Aventura Technologies is a New Jersey based company providing products to various U.S. government entities which enable those entities to safeguard their facilities and activities. They are a trusted provider of U.S. manufactured goods. Perhaps we should say, they were supposed to be. The reality was Aventura imported their devices from China and misled their government customers.
Since 2008, Aventura was an approved solution for U.S. government agencies and departments. They appeared on the Federal Supply Schedule as GS07F0391V.
Aventura’s contracts included an opportunity to provide equipment to 59 federal contracts. The contracting entities included DHS-FLETC, DOD-Army, Treasury -Bureau of Engraving, DOD -Navy, National Park Service, DOJ – FBI, DOD-USAF, DOE, DHS-ICE, DOJ-BOP, DOI, Treasury-IRS, and the VA.
One could say that Aventura was a trusted entity.
Why made in the USA is important.
Beyond the legal requirements of the Buy America Act, there is a strong counterintelligence rationale for requiring certain equipment to be made in the U.S.
When you are the logistics officer for a given U.S. government entity which requires all items to be used by the entity be procured from United States sources, you know there just might be a counterintelligence reason behind the requirement. The government wishes to be able to demonstrably show the provenance of the items. This is one of the many reasons the GSA Federal Acquisition Services exists. In this manner, the GSA approves for procurement various entities and their products and the logistics and procurement officers due diligence need go no further, as the GSA has done the legwork on the provenance of the approved items.
Aventura Technologies – Trusted until you can’t trust them
It turns out that Aventura Technologies couldn’t be trusted, as evidence by the arrest of seven of its principals on November 7 by Federal law enforcement. The criminal compliant unsealed by the Department of Justice (DOJ) indicates that Aventura wasn’t the manufacturer of the sensitive systems which were being procured via the various GSA contracts. Aventura was importing these goods, destined for U.S. government systems, via China, and then relabeling the items as “Made in the USA.” And they had been doing it from August 2006 through November 2019. These products were then smuggled into the United States and sold via the GSA Schedule as if they were “domestically manufactured.”

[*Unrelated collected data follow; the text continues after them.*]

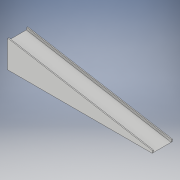
# Autodesk Inventor part: rampe-rendmonnaie
Saved by Autodesk Inventor 2019 (Build 230136000, 136)
## iProperties
Created: 2018-12-30
Part Number: rampe-rendmonnaie
Material: Générique
Document SubType Name: Modeling
Designer: pouey
Density: 1 g/cm^3
Appearance: Par défaut
Author: pouey
Autodesk Inventor part; units mm, degrees
ref_plane "YZ Plane" through (0, 0, 0) normal (1, 0, 0) x (0, 1, 0)
ref_plane "XZ Plane" through (0, 0, 0) normal (0, 1, 0) x (-1, 0, 0)
ref_plane "XY Plane" through (0, 0, 0) normal (0, 0, 1) x (1, 0, 0)
sketch "Esquisse2" plane through (0, 0, 0) normal (0, 0, 1) x (1, 0, 0)
  line L0 (0, 0) -> (0, 50)
  line L1 (0, 50) -> (290, 0)
  line L2 (290, 0) -> (0, 0)
  dimension "d0" = 290
  dimension "d1" = 50
  constraints: 6 end point, 1 perpendicular, 1 vertical
  measures "d0" distance of L1.end L0.start
  measures "d1" distance of L0.start L0.end
extrude "Extrusion1" add sketch "Esquisse2" along normal blind 40
sketch "Esquisse3" plane through (0, 50, 40) normal (0.1699069, 0.9854601, 0) x (0.9854601, -0.1699069, 0)
  line L0 (0, 40) -> (0, 0) projected
  line L1 (0, 2) -> (294.2788, 2)
  line L2 (294.2788, 40) -> (294.2788, 0) projected
  line L3 (0, 38) -> (294.2788, 38)
  line L4 (0, 40) -> (294.2788, 40) projected
  line L5 (294.2788, 0) -> (0, 0) projected
  point P0 (8.4953, 40)
  dimension "d5" = 2
  dimension "d6" = 2
  constraints: 4 end point, 4 point on line, 1 horizontal, 1 perpendicular
  measures "d5" distance between parallel lines of L4 L3
  measures "d6" distance between parallel lines of L5 L1
extrude "Extrusion2" add sketch "Esquisse3" along normal blind 5 contours L4 L2 L3 L0 | L1 L2 L5 L0
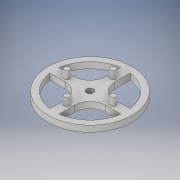
# Autodesk Inventor part: planetaryGearMt
Saved by Autodesk Inventor 2019 (Build 230136000, 136)
## iProperties
Created: 2019-10-26
Part Number: planetaryGearMt
Material: Generic
Document SubType Name: Modeling
Designer: test
Density: 1 g/cm^3
Appearance: Default
Author: test
Autodesk Inventor part; units mm, degrees
ref_plane "YZ Plane" through (0, 0, 0) normal (1, 0, 0) x (0, 1, 0)
ref_plane "XZ Plane" through (0, 0, 0) normal (0, 1, 0) x (-1, 0, 0)
ref_plane "XY Plane" through (0, 0, 0) normal (0, 0, 1) x (1, 0, 0)
sketch "Sketch1" plane through (0, 0, 0) normal (0, 1, 0) x (-1, 0, 0)
  circle A0 centre (0, 19.05) radius 2.2225
  circle A1 centre (-19.05, 0) radius 2.2225
  circle A2 centre (0, -19.05) radius 2.2225
  circle A3 centre (19.05, 0) radius 2.2225
  line L0 (0.635, 24.639) -> (-0.635, 24.639)
  line L1 (-0.635, -24.0273) -> (0.635, -24.0273)
  line L2 (0, 0) -> (0, 2.5439)
  line L3 (28.1077, 0) -> (28.1077, -0.635)
  line L4 (-24.0273, -0.635) -> (-24.0273, 0.635)
  line L5 (3.81, -20.8523) -> (3.81, -16.51)
  line L6 (3.81, 16.51) -> (3.81, 21.464)
  line L7 (-20.8523, 3.81) -> (-16.51, 3.81)
  line L8 (16.51, 3.81) -> (24.9327, 3.81)
  line L9 (-3.81, 21.464) -> (-3.81, 16.51)
  line L10 (-3.81, -16.51) -> (-3.81, -20.8523)
  line L11 (24.9327, -3.81) -> (16.51, -3.81)
  line L12 (-16.51, -3.81) -> (-20.8523, -3.81)
  arc A4 (3.81, 16.51) -> (16.51, 3.81) centre (16.51, 16.51) ccw
  arc A5 (16.51, -3.81) -> (3.81, -16.51) centre (16.51, -16.51) ccw
  arc A6 (-16.51, 3.81) -> (-3.81, 16.51) centre (-16.51, 16.51) ccw
  arc A7 (-3.81, -16.51) -> (-16.51, -3.81) centre (-16.51, -16.51) ccw
  line L13 (0, -3.81) -> (0, 0)
  line L14 (0, 0) -> (0, 3.81)
  line L15 (0, 3.81) -> (0, 0)
  line L16 (3.81, -29.464) -> (3.81, -16.51)
  line L17 (16.51, 3.81) -> (29.464, 3.81)
  line L18 (21.2725, 0) -> (16.8275, 0)
  line L19 (29.464, 3.81) -> (16.51, 3.81)
  line L20 (29.464, -3.81) -> (16.51, -3.81)
  line L21 (0, -3.81) -> (3.81, -3.81)
  line L22 (16.51, -3.81) -> (29.464, -3.81)
  line L23 (3.81, 29.464) -> (3.81, 16.51)
  line L24 (-3.81, 29.464) -> (-3.81, 16.51)
  line L25 (-29.464, 3.81) -> (-16.51, 3.81)
  line L26 (-29.464, -3.81) -> (-16.51, -3.81)
  line L27 (-3.81, -16.51) -> (-3.81, -29.464)
  circle A8 centre (0, 0) radius 34.544
  arc A9 (29.2166, 3.81) -> (3.81, 29.2166) centre (0, 0) ccw
  arc A10 (-3.81, 29.2166) -> (-29.2166, 3.81) centre (0, 0) ccw
  arc A11 (-29.2166, -3.81) -> (-3.81, -29.2166) centre (0, 0) ccw
  arc A12 (3.81, -29.2166) -> (29.2166, -3.81) centre (0, 0) ccw
  point P0 (19.05, 0)
  point P1 (0, -19.05)
  point P2 (29.464, 0)
  point P3 (0, -29.464)
  dimension "d3" = 360
  dimension "d5" = 4.445
  dimension "d8" = 360
  constraints: 56 end point, 18 point on circle, 13 centre point, 10 point on line, 8 parallel, 8 tangent, 4 perpendicular, 3 coincident, 3 equal radius, 3 horizontal, 1 vertical, 14 other
  measures "d5" diameter of A0
extrude "Extrusion3" add sketch "Sketch1" along normal blind 5.08
extrude "Extrusion4" add sketch "Sketch1" along normal blind 11.43 contours A0 | A1 | A2 | L18 A3 | A3 L18
sketch "Sketch2" plane through (0, 5.08, 0) normal (0, 1, 0) x (1, 0, 0)
  circle A0 centre (0, 0) radius 2.8575
  dimension "d26" = 5.715
  constraints: 1 centre point, 1 coincident
  measures "d26" diameter of A0
extrude "Extrusion5" cut sketch "Sketch2" against normal blind 11.43
body "Solid2"

Among the products sold by Aventura included Chinese made video cameras which the DHS had banned from U.S. Government entities due to the remote access and exploitation capabilities built into the camera. An extract from the criminal complaint says it best:
“Network-linked surveillance cameras and other security equipment sold by AVENTURA to the U.S. government have been used to safeguard sensitive U.S. government facilities and assets. Equipment manufactured in the PRC and then sold by AVENTURA as purportedly U.S.-made has been installed on dozens of Army, Navy and Air Force bases, Department of Energy facilities, and among other places, on Navy aircraft carriers.”
A review of the criminal complaint details just how thinly-veiled Aventura was as a “domestic manufacturer.” The FBI interviewed former employees and all remarked how no manufacturing occurred in the U.S., yet correspondence between the principals of Aventura and the GSA provide assurances that manufacturing is being conducted in the U.S. Indeed, over the nine year period 2010-2019, Aventura received 1550 shipments from abroad, of which 960 were from China.
Jack Cabasso, the managing director of Aventura demonstrated, according to the criminal complaint, the ability to speak out of both sides of his mouth at the same time. Cabasso would complain to the GSA that other “contractors” were using products from a given Chinese provider of technology, yet this same Chinese firm was Cabasso’s lead provider of technology.
Government wide counterintelligence headache
Eleven years of Chinese manufactured technologies, purchased via the 59 GSA identified contracts, will need to be identified, removed, and replaced for national security reasons. In addition, the products sold to U.S. government contractors will need to also be identified, removed and replaced. The former will be a much lighter lift than the latter, given the government procurement paper trail may be more complete than that of the commercial entities.
The multi-agency investigative task force which worked together to bring Aventura down will now have to work together to conduct the counterintelligence damage assessment. Which of the various devices sold by Aventura was in fact sending information back to China as part of a Chinese offensive intelligence operation? And what was the information compromised by those devices?
FBI Assistant Director-in-Charge William F. Sweeney summed it up nicely, “Greed is at the heart of this scheme, a reprehensible motive when the subjects in this case allegedly put into question the security of men and women who don uniforms each day to protect our nation. There is no mistaking the cyber vulnerabilities created when this company sold electronic surveillance products made in the PRC, and then using those items in our government agencies and the branches of our armed forces. I cannot stress enough that we will do everything we can to search out and stop any other company willing to cut corners and pocket profits that endanger the lives of Americans, and make this country less safe.”
Yes, Aventura’s greed has created a monumental counterintelligence headache.